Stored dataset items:
* * * * * * * * *

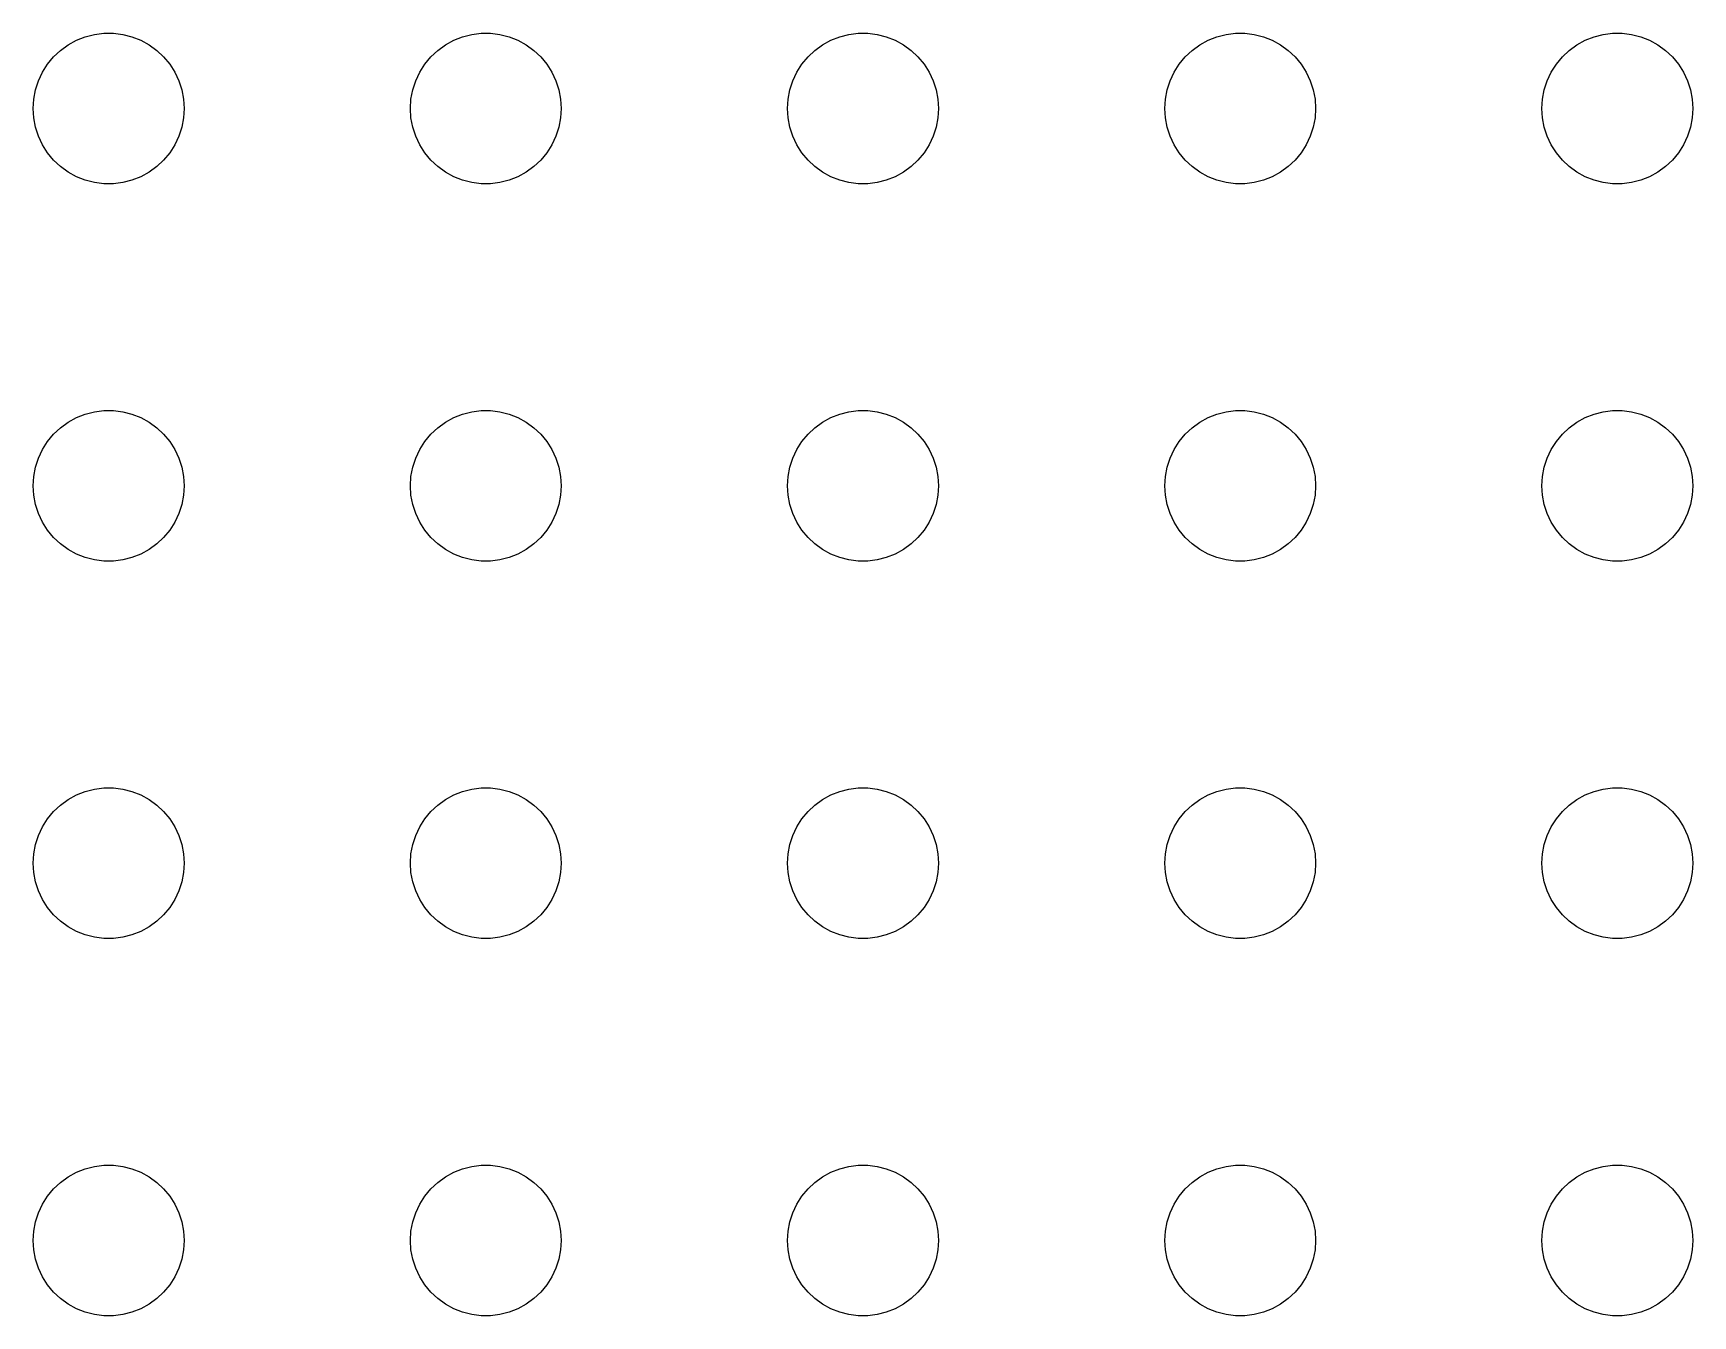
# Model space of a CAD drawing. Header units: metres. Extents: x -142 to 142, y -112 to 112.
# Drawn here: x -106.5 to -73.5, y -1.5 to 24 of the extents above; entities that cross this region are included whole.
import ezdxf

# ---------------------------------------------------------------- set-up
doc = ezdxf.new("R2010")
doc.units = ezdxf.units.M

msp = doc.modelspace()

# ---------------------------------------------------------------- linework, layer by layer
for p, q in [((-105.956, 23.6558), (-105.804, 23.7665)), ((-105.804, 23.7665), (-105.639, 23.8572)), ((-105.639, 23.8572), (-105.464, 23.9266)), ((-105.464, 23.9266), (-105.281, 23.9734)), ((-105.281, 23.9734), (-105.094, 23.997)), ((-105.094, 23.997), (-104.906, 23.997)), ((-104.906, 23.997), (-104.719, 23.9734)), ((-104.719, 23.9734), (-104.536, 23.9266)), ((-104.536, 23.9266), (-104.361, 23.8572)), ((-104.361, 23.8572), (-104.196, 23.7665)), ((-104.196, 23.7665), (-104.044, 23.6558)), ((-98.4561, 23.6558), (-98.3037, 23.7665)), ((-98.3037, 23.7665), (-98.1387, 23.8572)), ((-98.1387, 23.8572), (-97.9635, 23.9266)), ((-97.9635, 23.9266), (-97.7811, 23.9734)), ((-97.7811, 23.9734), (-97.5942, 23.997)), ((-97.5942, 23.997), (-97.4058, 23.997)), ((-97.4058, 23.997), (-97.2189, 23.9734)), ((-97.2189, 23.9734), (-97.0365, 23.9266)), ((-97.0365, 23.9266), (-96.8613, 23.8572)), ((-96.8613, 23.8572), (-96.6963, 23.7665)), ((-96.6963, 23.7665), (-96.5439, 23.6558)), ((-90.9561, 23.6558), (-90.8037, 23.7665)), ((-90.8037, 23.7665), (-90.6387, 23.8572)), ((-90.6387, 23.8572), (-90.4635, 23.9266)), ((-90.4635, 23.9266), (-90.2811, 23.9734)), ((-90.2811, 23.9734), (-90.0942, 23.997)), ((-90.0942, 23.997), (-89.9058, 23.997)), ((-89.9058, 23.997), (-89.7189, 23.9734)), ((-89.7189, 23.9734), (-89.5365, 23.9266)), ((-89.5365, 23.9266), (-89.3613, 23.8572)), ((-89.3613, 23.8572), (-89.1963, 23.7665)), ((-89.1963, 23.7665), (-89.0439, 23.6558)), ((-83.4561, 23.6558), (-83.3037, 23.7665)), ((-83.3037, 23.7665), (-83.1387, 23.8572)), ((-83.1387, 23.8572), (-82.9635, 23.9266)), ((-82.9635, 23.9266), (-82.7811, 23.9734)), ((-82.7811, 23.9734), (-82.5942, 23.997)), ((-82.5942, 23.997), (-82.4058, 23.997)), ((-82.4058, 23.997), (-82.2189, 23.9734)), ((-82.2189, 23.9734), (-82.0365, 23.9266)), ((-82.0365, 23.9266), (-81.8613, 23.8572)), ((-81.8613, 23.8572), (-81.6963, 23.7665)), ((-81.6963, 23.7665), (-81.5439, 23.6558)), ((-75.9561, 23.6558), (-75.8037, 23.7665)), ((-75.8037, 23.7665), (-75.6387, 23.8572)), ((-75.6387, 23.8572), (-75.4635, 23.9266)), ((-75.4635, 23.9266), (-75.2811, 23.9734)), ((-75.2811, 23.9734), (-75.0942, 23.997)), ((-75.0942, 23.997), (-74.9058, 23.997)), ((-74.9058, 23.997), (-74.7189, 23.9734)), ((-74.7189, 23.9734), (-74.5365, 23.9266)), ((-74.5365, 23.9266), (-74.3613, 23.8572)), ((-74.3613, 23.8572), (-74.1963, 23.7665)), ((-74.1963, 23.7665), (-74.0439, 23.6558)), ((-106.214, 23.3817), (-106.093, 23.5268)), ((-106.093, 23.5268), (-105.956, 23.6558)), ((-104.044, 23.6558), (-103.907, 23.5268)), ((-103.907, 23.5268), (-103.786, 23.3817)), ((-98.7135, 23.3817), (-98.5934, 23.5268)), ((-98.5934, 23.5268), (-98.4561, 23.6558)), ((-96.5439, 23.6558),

* * * * * * * * *

WORK REQUIRED. Set all of the records down once more, letter for letter, with the images removed.

EXERCISE RESPONSE.
# Model space of a CAD drawing. Header units: metres. Extents: x -142 to 142, y -112 to 112.
# Drawn here: x -106.5 to -73.5, y -1.5 to 24 of the extents above; entities that cross this region are included whole.
import ezdxf

# ---------------------------------------------------------------- set-up
doc = ezdxf.new("R2010")
doc.units = ezdxf.units.M

msp = doc.modelspace()

# ---------------------------------------------------------------- linework, layer by layer
for p, q in [((-105.956, 23.6558), (-105.804, 23.7665)), ((-105.804, 23.7665), (-105.639, 23.8572)), ((-105.639, 23.8572), (-105.464, 23.9266)), ((-105.464, 23.9266), (-105.281, 23.9734)), ((-105.281, 23.9734), (-105.094, 23.997)), ((-105.094, 23.997), (-104.906, 23.997)), ((-104.906, 23.997), (-104.719, 23.9734)), ((-104.719, 23.9734), (-104.536, 23.9266)), ((-104.536, 23.9266), (-104.361, 23.8572)), ((-104.361, 23.8572), (-104.196, 23.7665)), ((-104.196, 23.7665), (-104.044, 23.6558)), ((-98.4561, 23.6558), (-98.3037, 23.7665)), ((-98.3037, 23.7665), (-98.1387, 23.8572)), ((-98.1387, 23.8572), (-97.9635, 23.9266)), ((-97.9635, 23.9266), (-97.7811, 23.9734)), ((-97.7811, 23.9734), (-97.5942, 23.997)), ((-97.5942, 23.997), (-97.4058, 23.997)), ((-97.4058, 23.997), (-97.2189, 23.9734)), ((-97.2189, 23.9734), (-97.0365, 23.9266)), ((-97.0365, 23.9266), (-96.8613, 23.8572)), ((-96.8613, 23.8572), (-96.6963, 23.7665)), ((-96.6963, 23.7665), (-96.5439, 23.6558)), ((-90.9561, 23.6558), (-90.8037, 23.7665)), ((-90.8037, 23.7665), (-90.6387, 23.8572)), ((-90.6387, 23.8572), (-90.4635, 23.9266)), ((-90.4635, 23.9266), (-90.2811, 23.9734)), ((-90.2811, 23.9734), (-90.0942, 23.997)), ((-90.0942, 23.997), (-89.9058, 23.997)), ((-89.9058, 23.997), (-89.7189, 23.9734)), ((-89.7189, 23.9734), (-89.5365, 23.9266)), ((-89.5365, 23.9266), (-89.3613, 23.8572)), ((-89.3613, 23.8572), (-89.1963, 23.7665)), ((-89.1963, 23.7665), (-89.0439, 23.6558)), ((-83.4561, 23.6558), (-83.3037, 23.7665)), ((-83.3037, 23.7665), (-83.1387, 23.8572)), ((-83.1387, 23.8572), (-82.9635, 23.9266)), ((-82.9635, 23.9266), (-82.7811, 23.9734)), ((-82.7811, 23.9734), (-82.5942, 23.997)), ((-82.5942, 23.997), (-82.4058, 23.997)), ((-82.4058, 23.997), (-82.2189, 23.9734)), ((-82.2189, 23.9734), (-82.0365, 23.9266)), ((-82.0365, 23.9266), (-81.8613, 23.8572)), ((-81.8613, 23.8572), (-81.6963, 23.7665)), ((-81.6963, 23.7665), (-81.5439, 23.6558)), ((-75.9561, 23.6558), (-75.8037, 23.7665)), ((-75.8037, 23.7665), (-75.6387, 23.8572)), ((-75.6387, 23.8572), (-75.4635, 23.9266)), ((-75.4635, 23.9266), (-75.2811, 23.9734)), ((-75.2811, 23.9734), (-75.0942, 23.997)), ((-75.0942, 23.997), (-74.9058, 23.997)), ((-74.9058, 23.997), (-74.7189, 23.9734)), ((-74.7189, 23.9734), (-74.5365, 23.9266)), ((-74.5365, 23.9266), (-74.3613, 23.8572)), ((-74.3613, 23.8572), (-74.1963, 23.7665)), ((-74.1963, 23.7665), (-74.0439, 23.6558)), ((-106.214, 23.3817), (-106.093, 23.5268)), ((-106.093, 23.5268), (-105.956, 23.6558)), ((-104.044, 23.6558), (-103.907, 23.5268)), ((-103.907, 23.5268), (-103.786, 23.3817)), ((-98.7135, 23.3817), (-98.5934, 23.5268)), ((-98.5934, 23.5268), (-98.4561, 23.6558)), ((-96.5439, 23.6558),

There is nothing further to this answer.